DATA SHOWN =
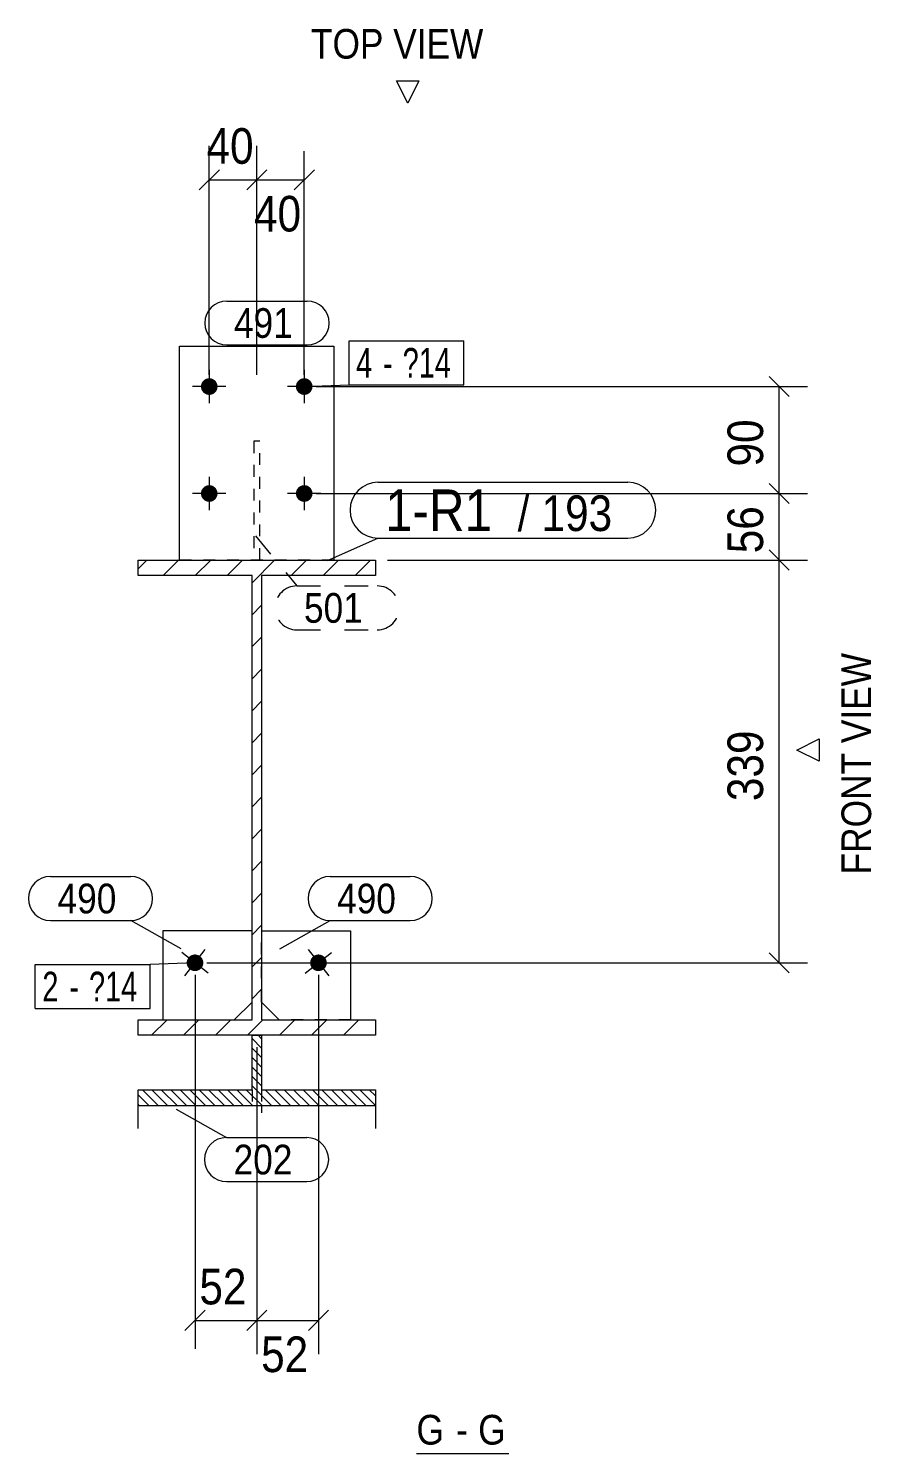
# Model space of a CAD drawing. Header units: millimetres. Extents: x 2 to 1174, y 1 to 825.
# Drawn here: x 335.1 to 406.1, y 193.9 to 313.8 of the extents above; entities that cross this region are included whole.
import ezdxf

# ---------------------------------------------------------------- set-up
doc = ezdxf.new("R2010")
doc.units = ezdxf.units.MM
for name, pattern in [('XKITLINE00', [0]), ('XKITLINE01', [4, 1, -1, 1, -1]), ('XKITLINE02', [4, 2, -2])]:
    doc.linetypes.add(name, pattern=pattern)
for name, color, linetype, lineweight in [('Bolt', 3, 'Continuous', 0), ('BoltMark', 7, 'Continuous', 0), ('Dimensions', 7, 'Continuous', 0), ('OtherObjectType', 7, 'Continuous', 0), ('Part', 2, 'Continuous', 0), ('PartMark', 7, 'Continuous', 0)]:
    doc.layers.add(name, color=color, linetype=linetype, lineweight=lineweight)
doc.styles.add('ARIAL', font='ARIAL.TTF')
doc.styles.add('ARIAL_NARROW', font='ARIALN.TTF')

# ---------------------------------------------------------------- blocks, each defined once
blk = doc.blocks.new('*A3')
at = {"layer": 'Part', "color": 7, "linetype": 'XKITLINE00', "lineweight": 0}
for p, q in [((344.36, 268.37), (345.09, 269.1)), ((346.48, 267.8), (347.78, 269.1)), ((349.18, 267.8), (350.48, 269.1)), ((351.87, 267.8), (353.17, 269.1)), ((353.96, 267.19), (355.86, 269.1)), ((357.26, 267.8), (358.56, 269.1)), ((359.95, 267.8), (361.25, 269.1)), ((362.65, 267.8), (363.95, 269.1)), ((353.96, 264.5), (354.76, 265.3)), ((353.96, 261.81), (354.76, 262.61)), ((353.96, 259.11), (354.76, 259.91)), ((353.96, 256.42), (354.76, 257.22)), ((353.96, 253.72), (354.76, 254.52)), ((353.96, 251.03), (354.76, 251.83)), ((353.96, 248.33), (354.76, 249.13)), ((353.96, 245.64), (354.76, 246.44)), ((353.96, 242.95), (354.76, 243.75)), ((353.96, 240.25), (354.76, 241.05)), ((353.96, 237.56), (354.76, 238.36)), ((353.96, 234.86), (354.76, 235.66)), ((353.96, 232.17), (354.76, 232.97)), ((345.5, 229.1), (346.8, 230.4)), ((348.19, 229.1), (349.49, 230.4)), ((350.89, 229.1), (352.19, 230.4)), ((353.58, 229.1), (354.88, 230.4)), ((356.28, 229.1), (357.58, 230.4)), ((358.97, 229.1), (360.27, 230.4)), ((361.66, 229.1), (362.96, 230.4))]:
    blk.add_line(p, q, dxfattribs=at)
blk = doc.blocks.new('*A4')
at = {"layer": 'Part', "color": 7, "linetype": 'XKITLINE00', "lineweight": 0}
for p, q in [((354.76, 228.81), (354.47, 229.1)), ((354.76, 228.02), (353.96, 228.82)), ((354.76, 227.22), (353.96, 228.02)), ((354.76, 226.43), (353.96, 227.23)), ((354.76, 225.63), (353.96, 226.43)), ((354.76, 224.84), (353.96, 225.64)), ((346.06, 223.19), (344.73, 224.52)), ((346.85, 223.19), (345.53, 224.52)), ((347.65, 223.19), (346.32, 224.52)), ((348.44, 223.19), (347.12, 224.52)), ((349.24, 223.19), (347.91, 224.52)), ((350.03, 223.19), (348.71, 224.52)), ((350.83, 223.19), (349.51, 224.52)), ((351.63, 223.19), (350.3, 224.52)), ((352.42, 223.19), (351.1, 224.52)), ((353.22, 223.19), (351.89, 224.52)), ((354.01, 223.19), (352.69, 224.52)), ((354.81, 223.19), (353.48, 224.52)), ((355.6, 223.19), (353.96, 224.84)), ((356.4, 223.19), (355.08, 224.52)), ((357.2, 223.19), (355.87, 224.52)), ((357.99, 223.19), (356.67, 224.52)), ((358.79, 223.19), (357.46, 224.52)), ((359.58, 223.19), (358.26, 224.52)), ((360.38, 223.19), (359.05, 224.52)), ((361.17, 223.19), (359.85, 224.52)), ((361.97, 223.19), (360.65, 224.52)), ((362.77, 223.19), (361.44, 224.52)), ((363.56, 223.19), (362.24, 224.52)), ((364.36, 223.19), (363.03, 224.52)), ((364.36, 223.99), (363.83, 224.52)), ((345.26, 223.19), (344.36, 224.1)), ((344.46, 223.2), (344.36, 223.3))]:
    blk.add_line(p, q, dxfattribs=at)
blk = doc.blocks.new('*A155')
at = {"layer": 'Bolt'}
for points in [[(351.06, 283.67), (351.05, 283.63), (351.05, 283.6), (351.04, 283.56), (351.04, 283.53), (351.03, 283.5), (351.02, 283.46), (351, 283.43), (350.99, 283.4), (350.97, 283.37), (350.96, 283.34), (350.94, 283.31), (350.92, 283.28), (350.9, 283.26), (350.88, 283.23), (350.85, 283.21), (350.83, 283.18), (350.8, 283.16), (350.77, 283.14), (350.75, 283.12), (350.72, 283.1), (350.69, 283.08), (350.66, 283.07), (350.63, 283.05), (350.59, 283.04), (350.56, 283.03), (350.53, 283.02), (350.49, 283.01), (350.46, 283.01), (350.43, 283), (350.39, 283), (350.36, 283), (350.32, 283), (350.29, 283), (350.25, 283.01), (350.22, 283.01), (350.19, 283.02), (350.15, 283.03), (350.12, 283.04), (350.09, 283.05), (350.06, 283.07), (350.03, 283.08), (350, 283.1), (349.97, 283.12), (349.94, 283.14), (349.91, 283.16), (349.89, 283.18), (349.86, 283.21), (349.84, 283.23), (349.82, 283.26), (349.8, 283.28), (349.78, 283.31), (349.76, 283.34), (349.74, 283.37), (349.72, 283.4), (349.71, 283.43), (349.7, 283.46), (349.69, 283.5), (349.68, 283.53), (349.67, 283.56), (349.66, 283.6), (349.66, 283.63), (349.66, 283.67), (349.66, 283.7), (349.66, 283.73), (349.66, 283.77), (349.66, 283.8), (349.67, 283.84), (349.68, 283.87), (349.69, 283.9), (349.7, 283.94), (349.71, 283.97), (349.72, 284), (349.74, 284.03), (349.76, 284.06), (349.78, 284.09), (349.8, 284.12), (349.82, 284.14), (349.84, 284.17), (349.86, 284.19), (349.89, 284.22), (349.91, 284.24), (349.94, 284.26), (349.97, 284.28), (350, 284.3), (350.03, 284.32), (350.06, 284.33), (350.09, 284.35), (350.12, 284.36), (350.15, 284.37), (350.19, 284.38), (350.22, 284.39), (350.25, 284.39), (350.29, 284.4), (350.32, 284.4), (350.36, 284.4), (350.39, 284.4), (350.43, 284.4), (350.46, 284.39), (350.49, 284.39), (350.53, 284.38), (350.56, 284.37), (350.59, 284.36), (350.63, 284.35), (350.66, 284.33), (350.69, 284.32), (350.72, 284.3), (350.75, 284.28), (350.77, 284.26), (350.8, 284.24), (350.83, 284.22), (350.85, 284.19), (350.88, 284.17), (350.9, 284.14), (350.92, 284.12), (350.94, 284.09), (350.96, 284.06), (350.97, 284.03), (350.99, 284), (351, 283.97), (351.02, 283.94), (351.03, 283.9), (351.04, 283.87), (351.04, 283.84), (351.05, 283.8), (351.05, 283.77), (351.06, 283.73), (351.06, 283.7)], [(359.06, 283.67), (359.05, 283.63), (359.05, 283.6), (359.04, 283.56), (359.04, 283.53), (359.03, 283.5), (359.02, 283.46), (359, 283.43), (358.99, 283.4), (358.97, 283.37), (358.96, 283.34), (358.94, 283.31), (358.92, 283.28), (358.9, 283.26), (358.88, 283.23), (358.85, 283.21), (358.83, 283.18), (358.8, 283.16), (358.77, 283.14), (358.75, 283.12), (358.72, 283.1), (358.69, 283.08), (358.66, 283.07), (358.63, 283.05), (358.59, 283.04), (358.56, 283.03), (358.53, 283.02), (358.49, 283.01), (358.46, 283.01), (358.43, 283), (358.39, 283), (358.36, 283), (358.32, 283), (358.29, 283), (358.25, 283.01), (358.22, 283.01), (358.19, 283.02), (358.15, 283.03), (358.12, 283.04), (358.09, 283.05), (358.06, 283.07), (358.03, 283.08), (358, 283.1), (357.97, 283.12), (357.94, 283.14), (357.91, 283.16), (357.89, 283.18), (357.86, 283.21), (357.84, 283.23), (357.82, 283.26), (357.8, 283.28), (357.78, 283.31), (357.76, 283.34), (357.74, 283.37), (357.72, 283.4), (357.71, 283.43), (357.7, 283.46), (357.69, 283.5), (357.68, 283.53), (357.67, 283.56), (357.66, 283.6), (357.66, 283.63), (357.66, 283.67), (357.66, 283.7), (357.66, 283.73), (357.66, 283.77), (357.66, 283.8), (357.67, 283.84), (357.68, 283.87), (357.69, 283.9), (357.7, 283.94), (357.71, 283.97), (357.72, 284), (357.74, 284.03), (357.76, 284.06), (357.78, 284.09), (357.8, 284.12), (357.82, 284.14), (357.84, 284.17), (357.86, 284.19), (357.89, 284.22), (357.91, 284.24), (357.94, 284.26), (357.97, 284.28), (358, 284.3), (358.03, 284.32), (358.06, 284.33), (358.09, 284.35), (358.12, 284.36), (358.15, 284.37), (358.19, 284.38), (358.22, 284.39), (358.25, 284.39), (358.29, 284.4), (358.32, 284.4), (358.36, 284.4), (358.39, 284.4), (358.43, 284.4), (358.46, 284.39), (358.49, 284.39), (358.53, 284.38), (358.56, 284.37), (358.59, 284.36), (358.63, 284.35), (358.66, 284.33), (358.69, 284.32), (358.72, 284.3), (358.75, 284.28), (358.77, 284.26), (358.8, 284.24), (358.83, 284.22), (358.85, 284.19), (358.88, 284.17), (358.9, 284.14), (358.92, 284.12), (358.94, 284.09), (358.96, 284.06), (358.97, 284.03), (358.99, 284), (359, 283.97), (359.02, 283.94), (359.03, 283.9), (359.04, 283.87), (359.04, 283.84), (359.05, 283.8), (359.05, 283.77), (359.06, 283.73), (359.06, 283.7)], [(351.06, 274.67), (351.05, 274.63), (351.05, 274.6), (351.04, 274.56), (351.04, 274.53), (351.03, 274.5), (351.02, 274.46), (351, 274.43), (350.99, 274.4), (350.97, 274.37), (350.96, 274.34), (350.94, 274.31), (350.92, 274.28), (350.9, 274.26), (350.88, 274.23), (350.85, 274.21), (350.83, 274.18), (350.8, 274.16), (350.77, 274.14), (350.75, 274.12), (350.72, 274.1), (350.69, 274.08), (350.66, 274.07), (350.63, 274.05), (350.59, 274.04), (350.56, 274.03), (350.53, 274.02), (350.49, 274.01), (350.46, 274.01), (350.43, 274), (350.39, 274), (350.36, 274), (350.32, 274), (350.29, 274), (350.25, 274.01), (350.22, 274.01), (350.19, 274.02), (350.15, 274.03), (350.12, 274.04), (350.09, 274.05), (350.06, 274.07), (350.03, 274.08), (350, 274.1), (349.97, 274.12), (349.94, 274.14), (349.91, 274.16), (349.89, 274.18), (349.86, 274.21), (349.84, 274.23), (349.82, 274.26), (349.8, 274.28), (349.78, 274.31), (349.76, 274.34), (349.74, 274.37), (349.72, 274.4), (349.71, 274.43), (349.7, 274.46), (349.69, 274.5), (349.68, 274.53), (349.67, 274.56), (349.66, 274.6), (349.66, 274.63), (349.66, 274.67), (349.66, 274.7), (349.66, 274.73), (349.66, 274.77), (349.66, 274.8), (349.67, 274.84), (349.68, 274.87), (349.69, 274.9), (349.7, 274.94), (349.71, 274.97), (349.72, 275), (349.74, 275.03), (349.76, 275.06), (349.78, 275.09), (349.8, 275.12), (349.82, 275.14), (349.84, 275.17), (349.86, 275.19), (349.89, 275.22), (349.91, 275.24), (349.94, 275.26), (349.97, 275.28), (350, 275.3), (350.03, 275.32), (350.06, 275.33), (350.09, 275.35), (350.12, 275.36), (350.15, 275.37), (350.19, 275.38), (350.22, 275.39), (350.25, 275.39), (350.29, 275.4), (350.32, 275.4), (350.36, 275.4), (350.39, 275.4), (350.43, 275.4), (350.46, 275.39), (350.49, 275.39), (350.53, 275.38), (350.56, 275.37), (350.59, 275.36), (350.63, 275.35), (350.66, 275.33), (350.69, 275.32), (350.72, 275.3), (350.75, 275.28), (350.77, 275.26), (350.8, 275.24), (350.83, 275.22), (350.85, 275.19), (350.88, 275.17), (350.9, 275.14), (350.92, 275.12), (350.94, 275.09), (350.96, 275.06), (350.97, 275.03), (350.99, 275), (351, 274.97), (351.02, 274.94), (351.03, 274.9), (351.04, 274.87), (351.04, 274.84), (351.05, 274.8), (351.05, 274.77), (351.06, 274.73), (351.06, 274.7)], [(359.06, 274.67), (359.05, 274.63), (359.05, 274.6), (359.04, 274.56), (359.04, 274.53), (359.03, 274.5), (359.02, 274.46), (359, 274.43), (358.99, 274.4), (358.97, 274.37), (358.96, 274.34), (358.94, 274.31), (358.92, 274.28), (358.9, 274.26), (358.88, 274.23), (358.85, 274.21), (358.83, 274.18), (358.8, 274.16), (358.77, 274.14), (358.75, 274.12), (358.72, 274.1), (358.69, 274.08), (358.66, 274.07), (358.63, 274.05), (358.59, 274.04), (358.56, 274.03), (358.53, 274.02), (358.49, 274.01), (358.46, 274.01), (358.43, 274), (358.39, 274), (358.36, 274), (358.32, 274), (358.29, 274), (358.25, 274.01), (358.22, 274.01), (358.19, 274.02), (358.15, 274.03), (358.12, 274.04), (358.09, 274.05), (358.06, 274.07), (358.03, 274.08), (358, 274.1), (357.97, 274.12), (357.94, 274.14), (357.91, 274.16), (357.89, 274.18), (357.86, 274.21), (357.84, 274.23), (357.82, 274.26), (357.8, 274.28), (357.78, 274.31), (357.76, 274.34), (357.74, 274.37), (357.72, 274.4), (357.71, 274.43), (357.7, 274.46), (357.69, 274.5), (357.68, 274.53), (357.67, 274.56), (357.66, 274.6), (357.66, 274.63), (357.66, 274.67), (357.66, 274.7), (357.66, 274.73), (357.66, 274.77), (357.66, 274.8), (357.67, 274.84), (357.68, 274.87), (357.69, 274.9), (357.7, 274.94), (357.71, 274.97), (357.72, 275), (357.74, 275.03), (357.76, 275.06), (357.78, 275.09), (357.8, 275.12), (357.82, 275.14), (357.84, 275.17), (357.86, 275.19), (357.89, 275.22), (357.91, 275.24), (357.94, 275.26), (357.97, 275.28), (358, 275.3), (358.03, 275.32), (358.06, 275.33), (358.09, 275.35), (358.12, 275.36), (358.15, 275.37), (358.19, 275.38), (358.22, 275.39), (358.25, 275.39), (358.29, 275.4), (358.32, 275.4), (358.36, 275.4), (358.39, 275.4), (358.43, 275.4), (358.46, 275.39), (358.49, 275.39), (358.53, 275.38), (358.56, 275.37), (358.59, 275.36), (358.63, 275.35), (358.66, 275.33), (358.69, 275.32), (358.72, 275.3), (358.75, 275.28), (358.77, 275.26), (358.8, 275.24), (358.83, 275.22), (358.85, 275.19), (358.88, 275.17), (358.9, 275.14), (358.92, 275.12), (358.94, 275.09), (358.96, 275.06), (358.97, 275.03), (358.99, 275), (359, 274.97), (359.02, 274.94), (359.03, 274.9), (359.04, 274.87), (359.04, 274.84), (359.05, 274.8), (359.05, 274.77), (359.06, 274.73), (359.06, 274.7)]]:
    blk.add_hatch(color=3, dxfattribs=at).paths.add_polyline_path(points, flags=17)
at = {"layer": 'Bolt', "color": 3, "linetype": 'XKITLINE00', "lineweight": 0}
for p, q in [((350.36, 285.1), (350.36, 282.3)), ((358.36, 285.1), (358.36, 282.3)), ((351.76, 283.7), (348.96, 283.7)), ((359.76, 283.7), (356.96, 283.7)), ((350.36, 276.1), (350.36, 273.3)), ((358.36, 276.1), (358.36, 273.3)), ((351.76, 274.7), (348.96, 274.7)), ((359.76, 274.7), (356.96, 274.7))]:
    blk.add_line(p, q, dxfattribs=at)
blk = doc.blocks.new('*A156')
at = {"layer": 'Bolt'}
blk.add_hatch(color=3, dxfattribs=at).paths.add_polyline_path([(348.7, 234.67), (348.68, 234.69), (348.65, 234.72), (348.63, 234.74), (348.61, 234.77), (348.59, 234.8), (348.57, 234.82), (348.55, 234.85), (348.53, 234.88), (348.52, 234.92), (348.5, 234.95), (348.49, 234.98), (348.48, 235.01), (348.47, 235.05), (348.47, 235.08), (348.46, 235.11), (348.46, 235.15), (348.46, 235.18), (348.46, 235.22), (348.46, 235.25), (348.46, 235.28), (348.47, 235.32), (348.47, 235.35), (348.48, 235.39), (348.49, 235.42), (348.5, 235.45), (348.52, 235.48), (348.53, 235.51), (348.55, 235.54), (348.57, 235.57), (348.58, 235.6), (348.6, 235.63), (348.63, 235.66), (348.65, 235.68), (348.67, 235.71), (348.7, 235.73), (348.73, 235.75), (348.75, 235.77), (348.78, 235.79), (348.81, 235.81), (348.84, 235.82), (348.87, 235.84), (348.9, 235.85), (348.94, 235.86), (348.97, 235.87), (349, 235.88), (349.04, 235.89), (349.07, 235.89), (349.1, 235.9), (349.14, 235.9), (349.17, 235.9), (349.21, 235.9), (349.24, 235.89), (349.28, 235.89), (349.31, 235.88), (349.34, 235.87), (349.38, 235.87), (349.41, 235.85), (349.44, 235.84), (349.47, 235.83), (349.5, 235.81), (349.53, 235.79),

TASK STATEMENT = Only the lines from the first line of the data above through the line with "color=color, linetype=linetype, lineweight=lineweight)" should appear in the answer, retyped exactly, with every picture left out.

TASK RESPONSE =
# Model space of a CAD drawing. Header units: millimetres. Extents: x 2 to 1174, y 1 to 825.
# Drawn here: x 335.1 to 406.1, y 193.9 to 313.8 of the extents above; entities that cross this region are included whole.
import ezdxf

# ---------------------------------------------------------------- set-up
doc = ezdxf.new("R2010")
doc.units = ezdxf.units.MM
for name, pattern in [('XKITLINE00', [0]), ('XKITLINE01', [4, 1, -1, 1, -1]), ('XKITLINE02', [4, 2, -2])]:
    doc.linetypes.add(name, pattern=pattern)
for name, color, linetype, lineweight in [('Bolt', 3, 'Continuous', 0), ('BoltMark', 7, 'Continuous', 0), ('Dimensions', 7, 'Continuous', 0), ('OtherObjectType', 7, 'Continuous', 0), ('Part', 2, 'Continuous', 0), ('PartMark', 7, 'Continuous', 0)]:
    doc.layers.add(name, color=color, linetype=linetype, lineweight=lineweight)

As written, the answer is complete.